Task statement » Your job with the data below is to output exactly the lines from the one holding "#202=EDGE_CURVE('E303',#195,#177,#201,.T.);" down to the one holding "#214=VECTOR('',#213,1.);", both included, and no others.

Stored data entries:

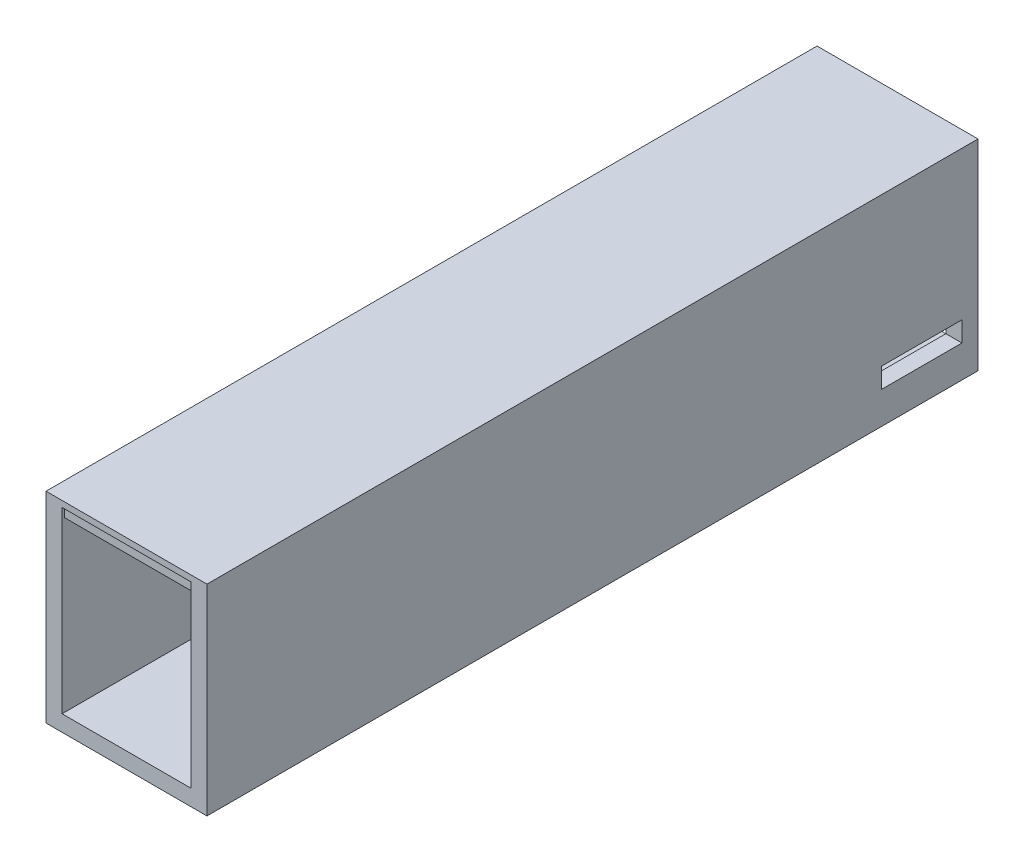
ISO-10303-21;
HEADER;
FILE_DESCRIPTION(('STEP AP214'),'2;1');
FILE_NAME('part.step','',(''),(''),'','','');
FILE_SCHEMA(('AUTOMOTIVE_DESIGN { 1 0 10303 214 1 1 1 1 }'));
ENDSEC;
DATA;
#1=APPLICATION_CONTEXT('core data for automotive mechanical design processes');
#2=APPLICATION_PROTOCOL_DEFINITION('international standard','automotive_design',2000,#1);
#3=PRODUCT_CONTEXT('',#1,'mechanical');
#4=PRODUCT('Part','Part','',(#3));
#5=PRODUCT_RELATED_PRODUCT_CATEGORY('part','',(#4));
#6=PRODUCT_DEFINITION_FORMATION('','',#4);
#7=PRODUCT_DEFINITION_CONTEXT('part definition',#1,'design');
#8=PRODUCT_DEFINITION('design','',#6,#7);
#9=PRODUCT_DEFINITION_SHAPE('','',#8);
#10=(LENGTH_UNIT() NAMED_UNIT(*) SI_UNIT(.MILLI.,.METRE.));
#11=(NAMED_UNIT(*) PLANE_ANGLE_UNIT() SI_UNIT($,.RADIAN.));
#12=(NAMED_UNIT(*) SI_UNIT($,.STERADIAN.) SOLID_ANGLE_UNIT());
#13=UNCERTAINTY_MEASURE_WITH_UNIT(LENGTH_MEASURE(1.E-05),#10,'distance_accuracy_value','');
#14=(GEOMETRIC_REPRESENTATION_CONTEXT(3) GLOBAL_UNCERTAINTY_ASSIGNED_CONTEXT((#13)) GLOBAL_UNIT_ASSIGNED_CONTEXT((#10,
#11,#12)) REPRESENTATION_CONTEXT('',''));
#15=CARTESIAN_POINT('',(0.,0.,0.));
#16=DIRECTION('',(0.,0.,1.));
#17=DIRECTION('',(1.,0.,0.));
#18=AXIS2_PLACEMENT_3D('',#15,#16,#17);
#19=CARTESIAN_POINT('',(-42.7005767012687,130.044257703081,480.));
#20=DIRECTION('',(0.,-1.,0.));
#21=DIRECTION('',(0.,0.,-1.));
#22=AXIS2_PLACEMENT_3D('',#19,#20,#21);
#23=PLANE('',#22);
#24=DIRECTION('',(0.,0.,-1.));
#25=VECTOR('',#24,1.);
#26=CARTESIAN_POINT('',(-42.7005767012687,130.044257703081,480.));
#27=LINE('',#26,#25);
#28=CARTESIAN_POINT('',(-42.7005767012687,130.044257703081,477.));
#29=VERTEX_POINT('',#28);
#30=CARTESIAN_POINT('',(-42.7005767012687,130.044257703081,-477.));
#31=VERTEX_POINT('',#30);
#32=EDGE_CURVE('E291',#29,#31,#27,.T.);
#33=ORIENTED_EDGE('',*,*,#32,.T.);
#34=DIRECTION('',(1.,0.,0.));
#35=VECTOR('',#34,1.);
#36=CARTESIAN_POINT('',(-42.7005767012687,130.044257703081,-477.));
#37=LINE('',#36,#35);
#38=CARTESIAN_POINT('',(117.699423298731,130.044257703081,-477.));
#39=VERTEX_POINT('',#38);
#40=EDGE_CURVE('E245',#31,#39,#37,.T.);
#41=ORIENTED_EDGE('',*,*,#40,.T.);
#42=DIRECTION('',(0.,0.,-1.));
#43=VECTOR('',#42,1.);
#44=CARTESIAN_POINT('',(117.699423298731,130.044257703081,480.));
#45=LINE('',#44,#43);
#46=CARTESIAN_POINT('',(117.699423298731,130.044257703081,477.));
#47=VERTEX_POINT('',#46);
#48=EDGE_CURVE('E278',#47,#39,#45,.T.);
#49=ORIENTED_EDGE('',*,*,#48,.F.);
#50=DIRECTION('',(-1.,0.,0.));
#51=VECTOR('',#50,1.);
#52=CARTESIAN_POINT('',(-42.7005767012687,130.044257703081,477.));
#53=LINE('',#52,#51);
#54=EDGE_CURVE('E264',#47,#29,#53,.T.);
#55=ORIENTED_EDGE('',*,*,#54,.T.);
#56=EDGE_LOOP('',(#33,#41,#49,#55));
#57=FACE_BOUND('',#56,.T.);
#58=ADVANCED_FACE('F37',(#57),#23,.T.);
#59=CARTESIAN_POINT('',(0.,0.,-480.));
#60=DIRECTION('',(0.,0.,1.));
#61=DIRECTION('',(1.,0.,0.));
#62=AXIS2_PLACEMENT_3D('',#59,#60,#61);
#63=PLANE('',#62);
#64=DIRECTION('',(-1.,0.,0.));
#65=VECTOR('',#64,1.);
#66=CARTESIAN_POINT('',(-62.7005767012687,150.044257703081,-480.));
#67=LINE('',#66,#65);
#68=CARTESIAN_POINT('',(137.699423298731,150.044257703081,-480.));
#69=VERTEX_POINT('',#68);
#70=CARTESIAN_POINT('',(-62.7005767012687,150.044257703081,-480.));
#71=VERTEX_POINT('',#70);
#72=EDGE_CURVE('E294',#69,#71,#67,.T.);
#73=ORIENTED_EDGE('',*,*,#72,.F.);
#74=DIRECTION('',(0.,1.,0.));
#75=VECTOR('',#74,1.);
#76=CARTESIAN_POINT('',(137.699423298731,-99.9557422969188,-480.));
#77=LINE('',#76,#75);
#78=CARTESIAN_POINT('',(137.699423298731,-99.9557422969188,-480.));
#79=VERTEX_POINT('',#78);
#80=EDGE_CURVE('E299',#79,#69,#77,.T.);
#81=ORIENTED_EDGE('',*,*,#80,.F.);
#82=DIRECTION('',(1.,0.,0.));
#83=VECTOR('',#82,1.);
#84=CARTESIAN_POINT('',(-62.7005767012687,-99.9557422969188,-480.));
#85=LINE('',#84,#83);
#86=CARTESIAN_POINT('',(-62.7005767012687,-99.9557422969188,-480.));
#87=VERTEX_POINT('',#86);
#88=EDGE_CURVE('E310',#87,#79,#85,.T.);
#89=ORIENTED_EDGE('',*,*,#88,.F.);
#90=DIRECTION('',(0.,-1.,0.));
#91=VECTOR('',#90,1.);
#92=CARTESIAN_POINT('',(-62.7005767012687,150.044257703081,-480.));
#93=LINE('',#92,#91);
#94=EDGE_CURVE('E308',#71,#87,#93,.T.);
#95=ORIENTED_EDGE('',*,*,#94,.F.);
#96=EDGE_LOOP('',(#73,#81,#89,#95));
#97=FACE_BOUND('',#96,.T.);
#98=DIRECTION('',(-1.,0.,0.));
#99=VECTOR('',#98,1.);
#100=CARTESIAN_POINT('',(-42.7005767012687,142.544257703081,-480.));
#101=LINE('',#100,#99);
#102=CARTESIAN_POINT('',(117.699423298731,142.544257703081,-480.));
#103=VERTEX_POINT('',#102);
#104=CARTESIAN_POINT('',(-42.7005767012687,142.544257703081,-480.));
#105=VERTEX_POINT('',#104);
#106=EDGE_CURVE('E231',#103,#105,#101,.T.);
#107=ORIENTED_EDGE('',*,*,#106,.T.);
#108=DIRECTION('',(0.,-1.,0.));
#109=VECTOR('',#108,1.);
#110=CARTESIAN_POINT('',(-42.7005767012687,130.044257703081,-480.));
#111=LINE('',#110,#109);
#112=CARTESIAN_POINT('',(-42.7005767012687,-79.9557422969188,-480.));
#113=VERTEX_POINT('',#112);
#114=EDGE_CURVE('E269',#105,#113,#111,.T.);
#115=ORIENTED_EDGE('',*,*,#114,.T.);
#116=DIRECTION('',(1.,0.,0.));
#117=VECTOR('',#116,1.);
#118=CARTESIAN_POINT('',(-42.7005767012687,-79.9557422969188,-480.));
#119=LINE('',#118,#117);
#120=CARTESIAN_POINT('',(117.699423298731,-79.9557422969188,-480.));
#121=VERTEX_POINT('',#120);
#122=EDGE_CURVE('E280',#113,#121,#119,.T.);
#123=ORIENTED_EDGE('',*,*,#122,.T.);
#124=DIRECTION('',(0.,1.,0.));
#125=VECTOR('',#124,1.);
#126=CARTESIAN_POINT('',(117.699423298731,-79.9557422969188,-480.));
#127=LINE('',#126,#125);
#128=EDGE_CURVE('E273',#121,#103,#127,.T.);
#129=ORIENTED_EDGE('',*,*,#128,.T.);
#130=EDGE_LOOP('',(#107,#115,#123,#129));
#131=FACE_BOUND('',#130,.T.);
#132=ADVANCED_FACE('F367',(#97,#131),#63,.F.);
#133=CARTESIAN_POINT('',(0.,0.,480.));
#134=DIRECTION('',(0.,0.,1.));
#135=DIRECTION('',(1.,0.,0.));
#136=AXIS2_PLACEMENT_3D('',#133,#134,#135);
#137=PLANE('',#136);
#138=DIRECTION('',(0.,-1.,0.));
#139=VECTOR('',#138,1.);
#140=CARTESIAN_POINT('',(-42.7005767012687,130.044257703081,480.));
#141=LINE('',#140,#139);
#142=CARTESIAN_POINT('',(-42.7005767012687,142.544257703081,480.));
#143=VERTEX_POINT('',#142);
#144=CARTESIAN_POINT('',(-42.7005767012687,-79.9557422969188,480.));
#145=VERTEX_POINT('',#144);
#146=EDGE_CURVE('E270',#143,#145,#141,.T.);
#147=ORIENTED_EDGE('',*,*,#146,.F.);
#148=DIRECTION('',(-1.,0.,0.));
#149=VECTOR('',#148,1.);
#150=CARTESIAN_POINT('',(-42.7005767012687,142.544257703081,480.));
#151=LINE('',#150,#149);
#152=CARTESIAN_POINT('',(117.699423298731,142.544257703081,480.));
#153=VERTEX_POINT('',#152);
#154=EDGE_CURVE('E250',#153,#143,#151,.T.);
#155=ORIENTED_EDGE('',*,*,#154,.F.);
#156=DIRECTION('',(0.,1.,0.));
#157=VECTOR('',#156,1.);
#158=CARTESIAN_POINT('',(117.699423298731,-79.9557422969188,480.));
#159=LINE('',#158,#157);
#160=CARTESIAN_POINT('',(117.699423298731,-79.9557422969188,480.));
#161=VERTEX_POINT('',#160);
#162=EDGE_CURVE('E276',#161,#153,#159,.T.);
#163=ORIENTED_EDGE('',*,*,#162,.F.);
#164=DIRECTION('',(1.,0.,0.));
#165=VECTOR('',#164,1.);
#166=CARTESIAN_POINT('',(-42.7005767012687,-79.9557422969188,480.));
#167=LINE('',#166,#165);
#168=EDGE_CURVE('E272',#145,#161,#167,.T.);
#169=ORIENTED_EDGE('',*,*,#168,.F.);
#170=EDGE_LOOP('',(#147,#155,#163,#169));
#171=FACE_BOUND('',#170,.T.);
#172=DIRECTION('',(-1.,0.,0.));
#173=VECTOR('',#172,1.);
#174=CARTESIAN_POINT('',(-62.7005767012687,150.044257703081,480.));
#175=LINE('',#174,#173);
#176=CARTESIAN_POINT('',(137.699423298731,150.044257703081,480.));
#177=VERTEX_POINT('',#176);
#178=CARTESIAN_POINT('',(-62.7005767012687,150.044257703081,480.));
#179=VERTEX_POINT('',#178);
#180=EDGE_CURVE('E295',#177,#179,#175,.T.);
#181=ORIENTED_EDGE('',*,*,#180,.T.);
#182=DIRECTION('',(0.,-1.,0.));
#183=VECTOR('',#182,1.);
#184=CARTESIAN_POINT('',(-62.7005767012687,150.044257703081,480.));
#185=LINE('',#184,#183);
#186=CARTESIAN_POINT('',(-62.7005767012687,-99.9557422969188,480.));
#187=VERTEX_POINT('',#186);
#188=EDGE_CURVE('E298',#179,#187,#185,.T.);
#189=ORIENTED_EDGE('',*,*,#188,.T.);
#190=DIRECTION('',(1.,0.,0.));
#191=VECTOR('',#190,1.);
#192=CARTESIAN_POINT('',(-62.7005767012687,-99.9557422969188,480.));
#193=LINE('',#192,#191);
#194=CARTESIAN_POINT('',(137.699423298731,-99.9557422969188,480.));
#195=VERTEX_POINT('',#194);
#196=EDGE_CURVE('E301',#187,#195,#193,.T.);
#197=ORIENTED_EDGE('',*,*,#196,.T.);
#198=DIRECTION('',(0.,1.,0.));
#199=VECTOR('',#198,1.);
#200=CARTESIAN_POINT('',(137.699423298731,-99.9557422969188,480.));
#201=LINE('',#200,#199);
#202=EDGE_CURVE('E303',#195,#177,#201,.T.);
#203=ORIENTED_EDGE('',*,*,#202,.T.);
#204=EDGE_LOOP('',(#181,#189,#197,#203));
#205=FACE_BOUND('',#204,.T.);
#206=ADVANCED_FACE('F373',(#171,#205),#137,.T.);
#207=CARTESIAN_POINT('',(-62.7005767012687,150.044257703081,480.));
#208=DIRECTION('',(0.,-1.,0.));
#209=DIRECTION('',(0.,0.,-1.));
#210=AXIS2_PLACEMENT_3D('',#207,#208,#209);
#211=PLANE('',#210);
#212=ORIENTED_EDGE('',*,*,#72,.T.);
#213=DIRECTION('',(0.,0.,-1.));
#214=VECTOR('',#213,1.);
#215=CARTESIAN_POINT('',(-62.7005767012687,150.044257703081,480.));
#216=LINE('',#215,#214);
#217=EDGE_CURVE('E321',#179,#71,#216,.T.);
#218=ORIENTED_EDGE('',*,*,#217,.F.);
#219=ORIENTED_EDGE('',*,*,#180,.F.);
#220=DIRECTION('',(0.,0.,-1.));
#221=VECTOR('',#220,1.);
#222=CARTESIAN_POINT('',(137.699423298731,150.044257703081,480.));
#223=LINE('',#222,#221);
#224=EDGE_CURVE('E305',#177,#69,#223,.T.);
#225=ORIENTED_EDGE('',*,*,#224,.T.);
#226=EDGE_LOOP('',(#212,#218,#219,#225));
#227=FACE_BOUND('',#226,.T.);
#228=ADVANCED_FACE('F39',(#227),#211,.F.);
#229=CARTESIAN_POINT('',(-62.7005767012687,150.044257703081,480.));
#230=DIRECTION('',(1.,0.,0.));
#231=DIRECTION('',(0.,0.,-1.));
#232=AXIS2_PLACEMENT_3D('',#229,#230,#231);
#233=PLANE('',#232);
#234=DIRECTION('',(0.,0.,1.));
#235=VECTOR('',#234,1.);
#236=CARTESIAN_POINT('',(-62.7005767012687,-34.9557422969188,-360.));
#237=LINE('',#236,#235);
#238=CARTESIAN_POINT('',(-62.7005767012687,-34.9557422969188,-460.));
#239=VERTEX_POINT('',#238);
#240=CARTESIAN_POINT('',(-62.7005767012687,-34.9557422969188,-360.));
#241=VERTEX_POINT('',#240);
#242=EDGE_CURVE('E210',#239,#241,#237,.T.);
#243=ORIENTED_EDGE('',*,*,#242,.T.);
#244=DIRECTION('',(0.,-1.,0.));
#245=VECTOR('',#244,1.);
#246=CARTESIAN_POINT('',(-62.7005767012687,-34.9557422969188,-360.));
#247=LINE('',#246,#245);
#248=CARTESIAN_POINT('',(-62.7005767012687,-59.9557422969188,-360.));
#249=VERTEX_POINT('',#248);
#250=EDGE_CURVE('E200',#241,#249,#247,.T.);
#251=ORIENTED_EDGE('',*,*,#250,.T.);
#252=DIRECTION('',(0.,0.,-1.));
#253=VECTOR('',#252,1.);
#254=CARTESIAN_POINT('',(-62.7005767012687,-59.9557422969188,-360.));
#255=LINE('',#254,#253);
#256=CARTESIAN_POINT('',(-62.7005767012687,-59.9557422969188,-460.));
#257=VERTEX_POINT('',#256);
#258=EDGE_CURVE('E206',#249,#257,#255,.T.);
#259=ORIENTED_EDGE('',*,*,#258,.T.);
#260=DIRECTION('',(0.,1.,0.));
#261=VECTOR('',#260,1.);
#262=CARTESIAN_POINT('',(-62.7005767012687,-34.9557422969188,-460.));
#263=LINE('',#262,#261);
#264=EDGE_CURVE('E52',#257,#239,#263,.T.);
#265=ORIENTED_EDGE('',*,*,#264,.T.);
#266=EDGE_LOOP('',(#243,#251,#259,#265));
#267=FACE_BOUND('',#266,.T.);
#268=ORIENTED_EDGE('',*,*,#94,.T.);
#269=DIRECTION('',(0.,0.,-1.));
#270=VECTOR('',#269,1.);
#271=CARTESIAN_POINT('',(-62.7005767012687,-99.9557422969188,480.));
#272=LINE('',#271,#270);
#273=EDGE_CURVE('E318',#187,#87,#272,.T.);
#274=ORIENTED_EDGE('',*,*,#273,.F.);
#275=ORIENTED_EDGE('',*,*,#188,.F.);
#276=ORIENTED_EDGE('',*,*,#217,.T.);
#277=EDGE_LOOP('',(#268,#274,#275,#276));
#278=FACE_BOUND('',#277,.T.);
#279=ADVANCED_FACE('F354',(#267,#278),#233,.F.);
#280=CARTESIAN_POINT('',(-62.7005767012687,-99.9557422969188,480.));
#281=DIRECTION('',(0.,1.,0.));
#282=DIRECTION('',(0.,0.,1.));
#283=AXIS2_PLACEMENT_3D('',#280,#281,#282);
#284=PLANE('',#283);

Task output »
#202=EDGE_CURVE('E303',#195,#177,#201,.T.);
#203=ORIENTED_EDGE('',*,*,#202,.T.);
#204=EDGE_LOOP('',(#181,#189,#197,#203));
#205=FACE_BOUND('',#204,.T.);
#206=ADVANCED_FACE('F373',(#171,#205),#137,.T.);
#207=CARTESIAN_POINT('',(-62.7005767012687,150.044257703081,480.));
#208=DIRECTION('',(0.,-1.,0.));
#209=DIRECTION('',(0.,0.,-1.));
#210=AXIS2_PLACEMENT_3D('',#207,#208,#209);
#211=PLANE('',#210);
#212=ORIENTED_EDGE('',*,*,#72,.T.);
#213=DIRECTION('',(0.,0.,-1.));
#214=VECTOR('',#213,1.);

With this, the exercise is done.